§ WHAT THIS TASK INVOLVES
Among the records below, one line contains "Window -> Detail : setPerson(newPerson)"; copy that line and all that follow it, exactly as written.

Dataset records:
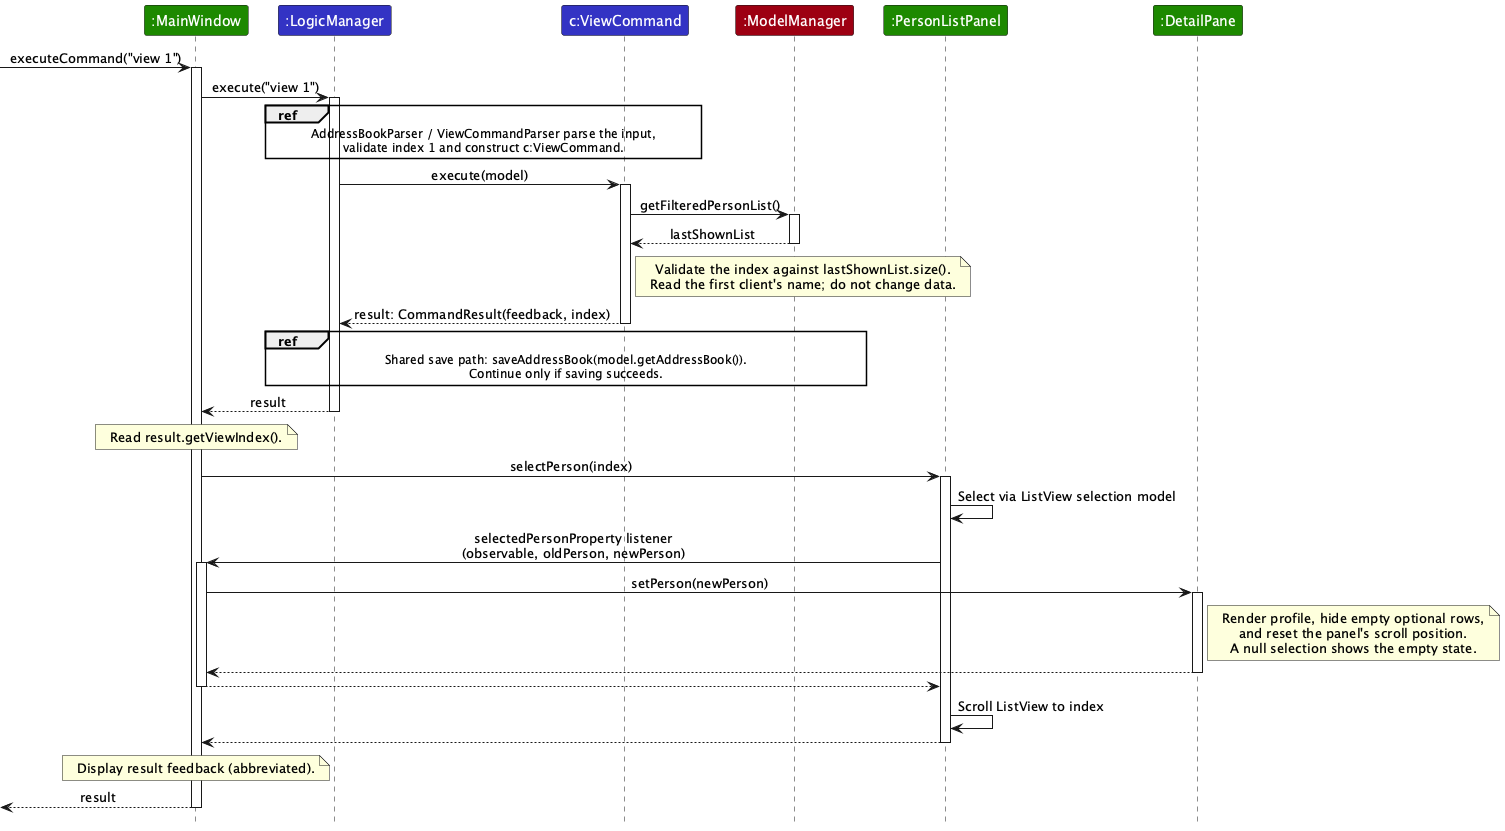

The diagram above was rendered by PlantUML. Its source (embedded in the PNG):
@startuml
!include style.puml
skinparam ArrowFontStyle plain
skinparam ParticipantFontColor #FFFFFF
hide footbox

participant ":MainWindow" as Window UI_COLOR
participant ":LogicManager" as Logic LOGIC_COLOR
participant "c:ViewCommand" as Command LOGIC_COLOR
participant ":ModelManager" as Model MODEL_COLOR
participant ":PersonListPanel" as List UI_COLOR
participant ":DetailPane" as Detail UI_COLOR

[-> Window : executeCommand("view 1")
activate Window
Window -> Logic : execute("view 1")
activate Logic
ref over Logic, Command
AddressBookParser / ViewCommandParser parse the input,
validate index 1 and construct c:ViewCommand.
end ref
Logic -> Command : execute(model)
activate Command
Command -> Model : getFilteredPersonList()
activate Model
Model --> Command : lastShownList
deactivate Model
note right of Command
Validate the index against lastShownList.size().
Read the first client's name; do not change data.
end note
Command --> Logic : result: CommandResult(feedback, index)
deactivate Command
ref over Logic, Model
Shared save path: saveAddressBook(model.getAddressBook()).
Continue only if saving succeeds.
end ref
Logic --> Window : result
deactivate Logic
note over Window : Read result.getViewIndex().
Window -> List : selectPerson(index)
activate List
List -> List : Select via ListView selection model
List -> Window : selectedPersonProperty listener\n(observable, oldPerson, newPerson)
activate Window
Window -> Detail : setPerson(newPerson)
activate Detail
note right of Detail
Render profile, hide empty optional rows,
and reset the panel's scroll position.
A null selection shows the empty state.
end note
Detail --> Window
deactivate Detail
Window --> List
deactivate Window
List -> List : Scroll ListView to index
List --> Window
deactivate List
note over Window
Display result feedback (abbreviated).
end note
[<-- Window : result
deactivate Window
@enduml

§ EXERCISE ANSWER
Window -> Detail : setPerson(newPerson)
activate Detail
note right of Detail
Render profile, hide empty optional rows,
and reset the panel's scroll position.
A null selection shows the empty state.
end note
Detail --> Window
deactivate Detail
Window --> List
deactivate Window
List -> List : Scroll ListView to index
List --> Window
deactivate List
note over Window
Display result feedback (abbreviated).
end note
[<-- Window : result
deactivate Window
@enduml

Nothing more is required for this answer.